Here instead of the minced red meat, I opted for Turkey Mince which was 93% lean and consisted just 7% fat. The spices were also toned down a bit but eventually it turned out to be a great and juicy version of the Mumbai Kheema Masala which is now a part of my regular meals. Also, while serving this, instead of the white bread I made fresh rotis at home along with raita (chopped veggies with yogurt) which added to the protein value of the meal.

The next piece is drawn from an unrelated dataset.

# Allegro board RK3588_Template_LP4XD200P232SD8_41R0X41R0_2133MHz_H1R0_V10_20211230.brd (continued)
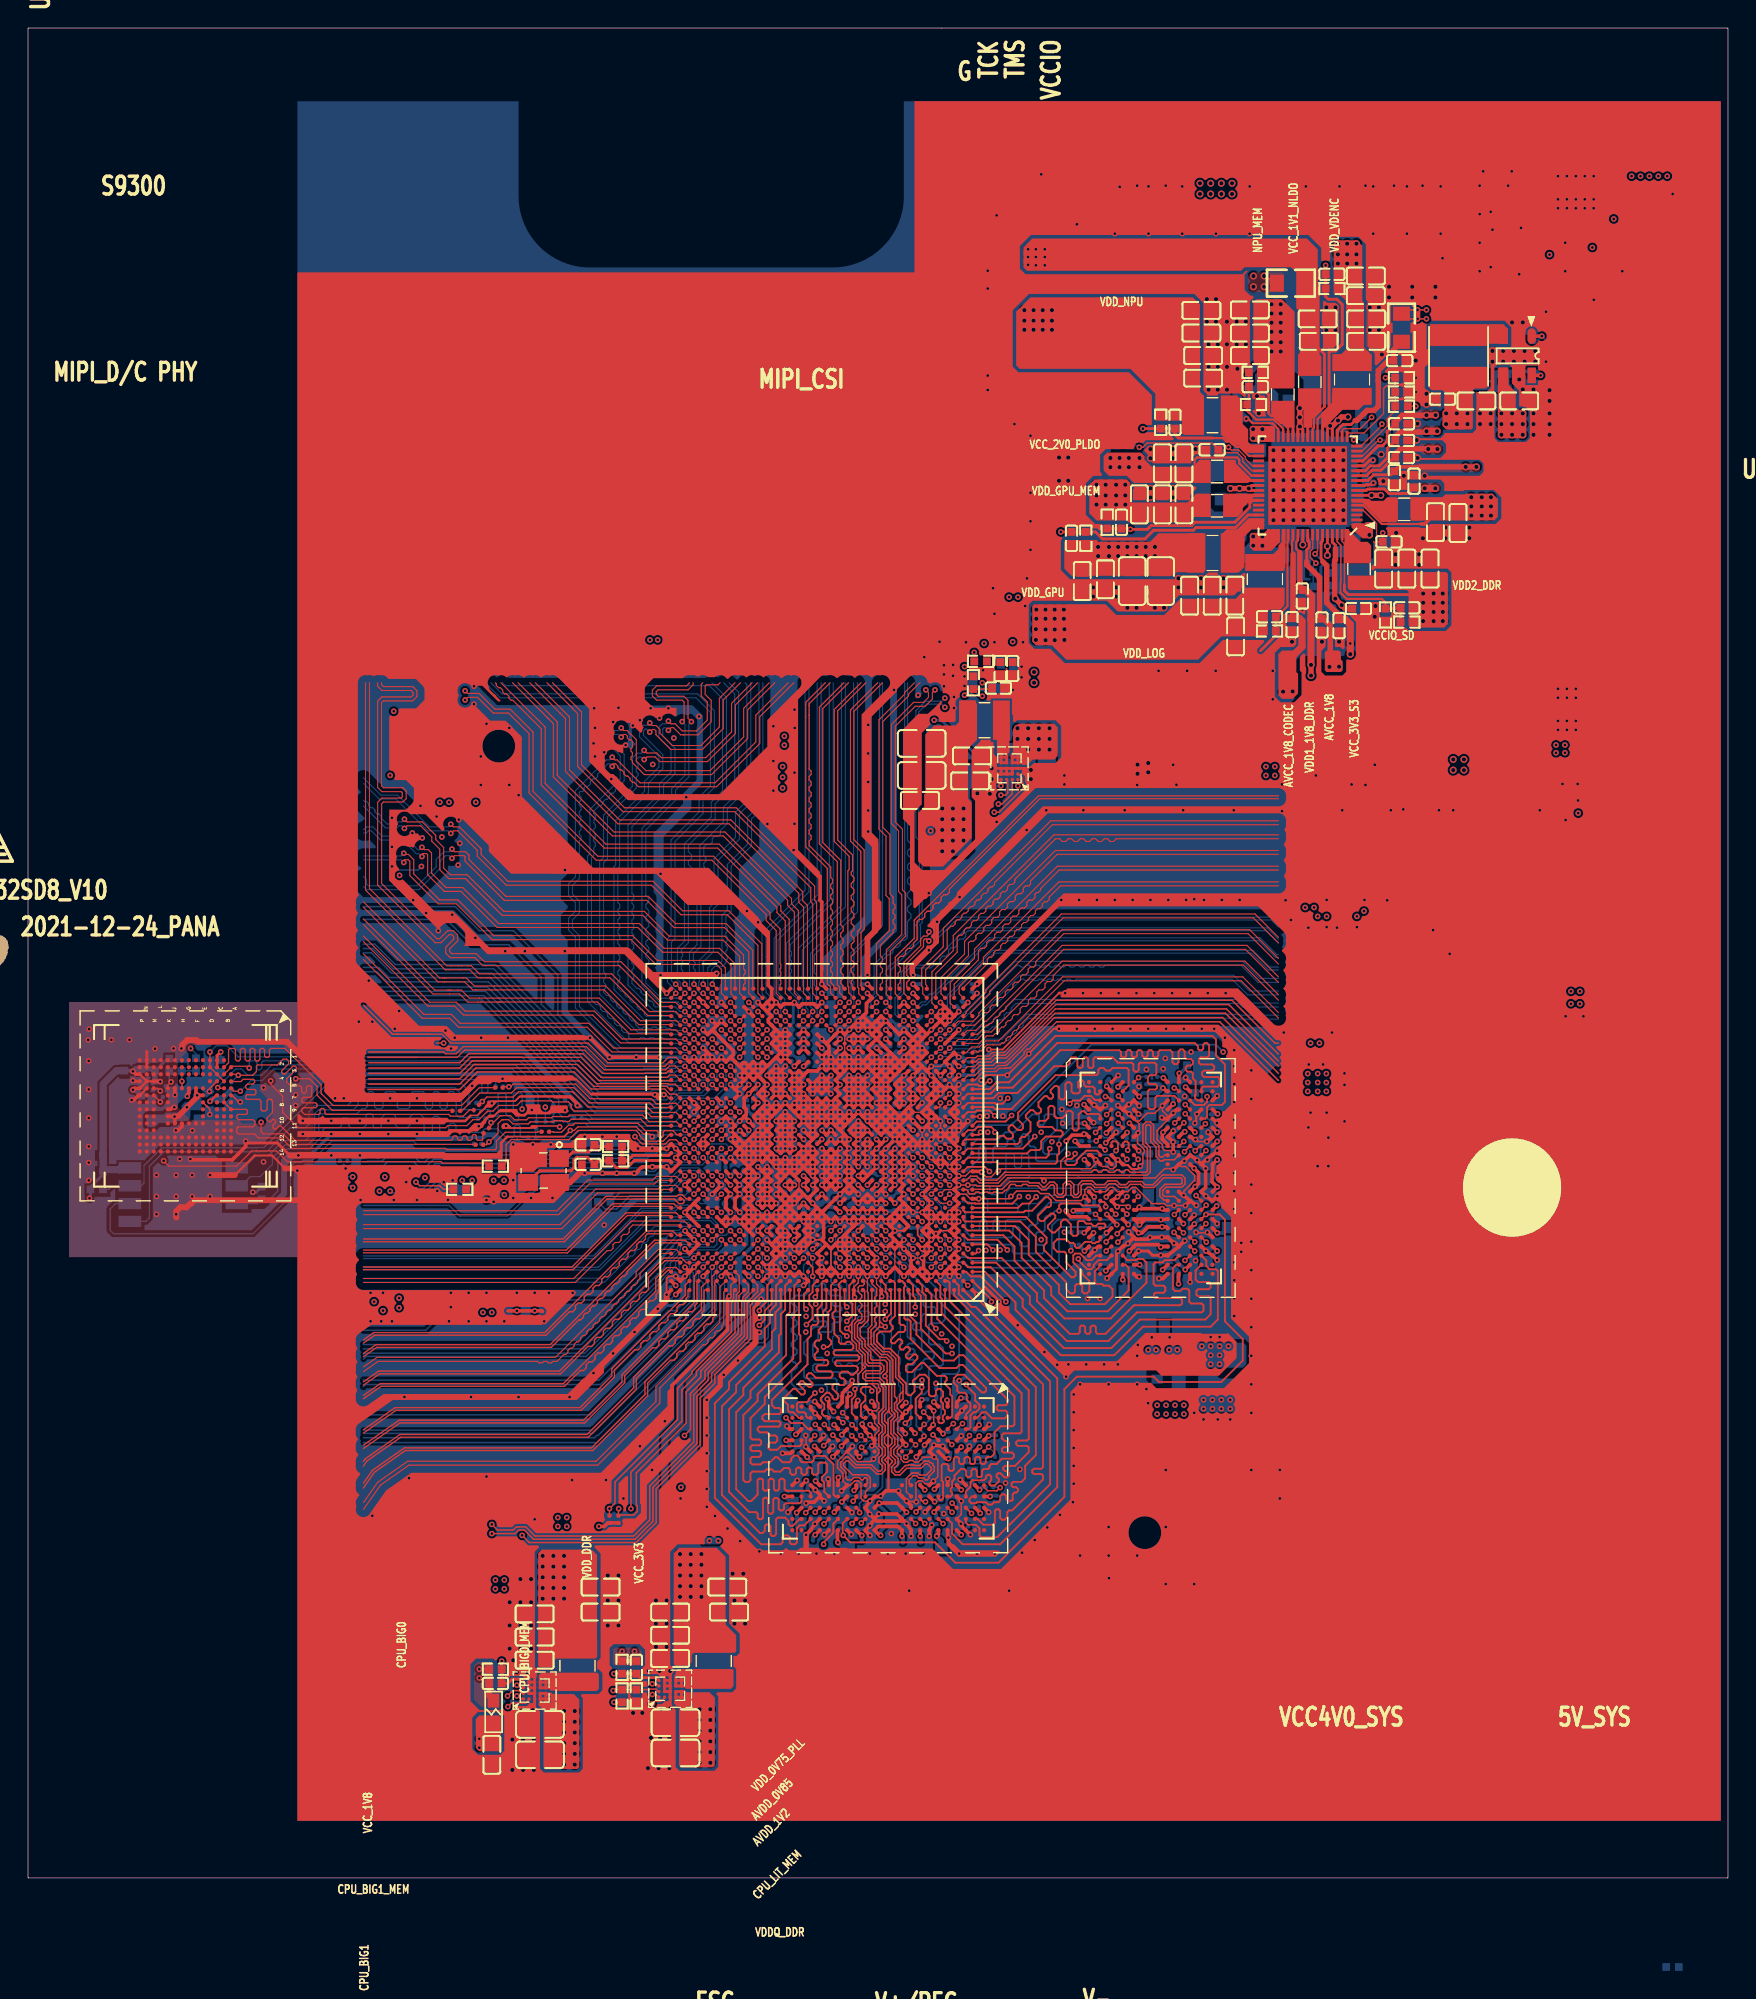
[diagram p0: board, top side]
## Routing (per net, layer and track width the routed paths; a pad name or vN(x,y) marks a point on that pad's centre or on a via; arc(x,y) is an arc through that point) (continued)
  TOP w0.254: v1(45.34,32.51) 45.85,33.02 45.85,35.05 49.8,39 49.8,41.24 49.91,41.36 v1(49.91,41.4) ; v1(55.22,53.88) U1000.W19 ; v1(55.21,53.88) U1000.W20 ; v1(55.22,53.88) U1000.Y19 ; v1(55.22,53.88) 54.89,54.2 U1000.Y20 ; U1000.W19 v1(55.87,53.23) ; U1000.W19 v1(55.86,53.88) ; U1000.AB24 v1(52.62,55.83) U1000.AC24 ; U1000.AB24 v1(52.62,55.18) ; U1000.AB24 51.97,55.83 52.29,56.15 U1000.AC24 ; U1000.G15 58.46,46.08 U1000.H14 ; U1000.G15 v1(57.81,45.43) ; U1000.G15 58.14,45.75 v1(58.46,45.43) ; 60.09,43.15 U1000.C12 v1(59.76,42.83) 59.44,43.15 U1000.C13 ; 60.09,43.15 v1(60.41,42.83) U1000.C11 ; 60.09,43.15 v1(60.41,43.48) ; U1000.AG12 60.1,58.75 60.41,58.44 v1(60.41,58.43) ; U1000.AG12 59.76,58.43 ; U1000.AG12 59.82,59.03 59.82,59.13 U1000.AH12 60.4,59.72 60.43,59.72 ; U1000.AA11 60.74,54.85 U1000.Y10 ; U1000.AA11 v1(60.41,55.18) U1000.AB11 ; U1000.AA11 v1(61.06,55.18) ; U1000.AA11 v1(60.41,54.53) ; v1(64.17,24.33) U3801.G12 v1(64.34,25.12) ; v1(55.87,55.18) 55.54,55.5 U1000.AB19 ; v1(55.87,55.18) U1000.AB18 56.51,55.18 ; v1(55.87,55.18) U1000.AA19 ; v1(55.87,55.18) U1000.AA18 ; U1000.J6 v1(63.67,47.38) 63.99,47.7 ; U1000.J6 v1(64.31,46.73) ; U1000.J6 63.99,47.05 v1(64.31,47.38) ; 56.85,59.39 v1(56.52,59.73) U1000.AJ18 ; 56.85,59.39 56.85,59.41 U1000.AJ16 v1(57.81,60.38) U1000.AJ15 58.14,60.05 v1(58.48,60.4) U1000.AK14 ; 56.85,59.39 57.02,59.22 57.02,58.8 ; U3800.D4 78.3,55.06 v1(78.37,55.06) 78.45,55.06 U3800.C5 v1(79.12,54.98) ; U3800.D4 v1(78.4,54.4) U3800.E5 ; U3800.D4 v1(77.6,54.99) ; v1(57.17,53.88) U1000.W16 ; v1(57.16,53.88) U1000.Y17 ; v1(57.16,53.88) U1000.W17 v1(56.52,53.88) ; v1(57.17,53.88) U1000.Y16 ; U1000.W16 U1000.Y15 ; U1000.W16 57.49,53.55 57.81,53.24 ; U1000.AL3 v1(66.26,61.68) ; U1000.AL3 65.62,61.03 ; U1000.AL3 65.61,61.68 ; 56.84,47.06 v1(57.16,46.73) 57.49,47.05 U1000.J16 v1(57.81,46.73) U1000.J15 58.14,47.05 v1(58.46,46.73) ; 56.84,47.06 56.51,46.74 56.51,46.73 ; 56.84,47.06 56.52,47.38 ; 63.69,59.75 62.68,58.74 ; 63.69,59.75 64.01,60.07 ; 63.69,59.75 63.64,59.75 U1000.AJ7 ; 62.68,58.74 v1(62.36,58.43) ; 62.68,58.74 62.7,58.74 63.01,58.43 ; v1(59.76,51.93) U1000.U13 v1(59.76,52.58) 60.09,52.25 U1000.U12 v1(59.76,51.93) ; v1(59.76,51.93) U1000.T13 59.44,51.6 v1(59.76,51.28) U1000.R13 59.44,50.95 v1(59.76,50.63) ; 62.03,52.27 61.72,52.58 v1(61.71,52.58) ; 62.03,52.27 62.35,52.58 62.36,52.58 ; 62.03,52.27 62.37,51.93 ; U1000.R5 v1(64.31,51.28) U1000.T6 ; U1000.R5 v1(64.96,50.63) 65.29,50.95 ; U1000.R5 v1(64.97,51.28) 65.29,50.95 ; U1000.T6 v1(64.31,51.93) 64.31,51.96 64,52.27 ; U1000.T6 63.99,51.6 63.65,51.94 ; U1000.AP17 v1(56.52,63.63) 56.52,63.7 56.51,63.71 56.51,69.48 56.39,69.6 56.39,71.29 56.18,71.5 ; v1(79.12,42.8) 78.94,42.8 U3800.AB5 ; U1000.AD11 v1(60.41,56.48) U1000.AC12 60.41,55.84 ; U1000.AD11 60.74,56.8 v1(61.06,56.48) ; U1000.AD11 60.09,57.45 U1000.AE12 ; U1000.AD11 61.39,57.46 ; 54.58,48.04 54.89,48.35 U1000.L20 ; 54.58,48.04 U1000.K21 ; 54.58,48.04 54.26,48.35 U1000.L21 ; v1(51.32,49.98) 50.99,50.3 U1000.P26 U1000.R25 ; v1(51.31,49.98) U1000.N26 50.99,49.65 51.32,49.33 ; v1(51.32,49.98) 51.64,49.65 U1000.N25 ; v1(51.32,49.98) U1000.P25 ; 53.27,44.14 52.94,43.8 U1000.D23 ; 53.27,44.14 53.26,44.14 U1000.E23 53.26,44.77 ; 53.27,44.14 U1000.E22 ; U1000.W12 U1000.Y11 ; U1000.W12 v1(59.76,53.88) 59.44,54.2 U1000.Y13 ; U1000.W12 60.41,53.23 ; U1000.Y11 61.39,54.85 ; U1000.Y11 60.74,54.2 v1(60.41,54.53) ; U1000.Y11 60.74,54.2 61.07,53.88 ; v1(65.62,47.38) U1000.K3 65.94,47.7 ; v1(65.62,47.38) U1000.J4 ; v1(65.62,47.38) 65.94,47.05 ; v1(7.37,55.38) 7.52,55.38 7.86,55.72 U4000.P6 ; U1000.K22 53.88,47.41 ; U1000.K22 53.92,48.03 ; U1000.K22 v1(53.27,47.38) ; 53.88,47.41 53.95,47.41 U1000.K21 ; 53.88,47.41 U1000.J21 ; 53.88,47.41 53.88,47.35 U1000.J22 ; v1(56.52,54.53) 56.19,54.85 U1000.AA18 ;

Here is the recipe for this, along with a picture of the final result –


  • Turkey Mince – 1 and ½ cups
  • 1 and ½ teaspoon ginger garlic paste
  • 4 garlic pods
  • 1 whole onion chopped
  • 2 medium tomatoes chopped
  • 1 teaspoon tomato paste
  • 2 teaspoons mutton masala (recipe coming out soon 🙂 ) 
  • ½ teaspoon chilli powder
  • Salt to taste
  • 2 teaspoons olive oil
  • a small bunch of finely chopped coriander leaves for garnish
  • 1/4 teaspoon of garam masala (recipe coming out soon 🙂 )


  1. Prepare the turkey for cooking – add a teaspoon of the ginger garlic paste to the turkey mince and mix it up and let it settle it till you prepare the other ingredients
  2. In a deep pan heat oil and saute sliced garlic till almost fried but not burnt.
  3. Add in chopped onions and saute them till translucent
  4. Add the chopped potatoes and cover the pan till the potatoes are tender and cooked. You may have to stir the potatoes in between to avoid them from sticking to the pan.
  5. Add in the tomatoes at this stage and stir up the mixture. Let it all cook at medium heat till mushy.
  6. Once cooked, add the tomato paste, mutton masala, chilli powder and salt and stir the whole mixture till well blended.
  7. Cover and cook for about a minute or two to let the spices blend in well.
  8. Add the frozen peas and turkey and mix it well together.
  9. Cover and let the mixture cook for around 8 mins on medium heat or till the turkey is tender and well cooked.
  10. You wont need to add water as the mixture will gradually turn juicy. However if you feel like the mixture is drying out, add in some water (around ¼ of a cup). (PS – the mixture drying out would be a sign of over-cooking the turkey so be careful!) 
  11. Once the turkey is cooked through, taste and adjust the salt and top the kheema with the garam masala. Stir it in and turn off the heat.
  12. Top off the kheema with finely chopped coriander.


Serving Tips

  • You can serve this with soft buttered bread to create the Mumbai style “Kheema Pao”
  • I served this with rotis and salad for a wholesome protein rich meal
  • Stuff the leftovers in a paratha for more awesomeness 🙂

Do try this out and let me know if you guys would love to have a look into how to make the basic healthy Indian Roti/ Chapati and Raita to go along with any meals. Bon Appetit!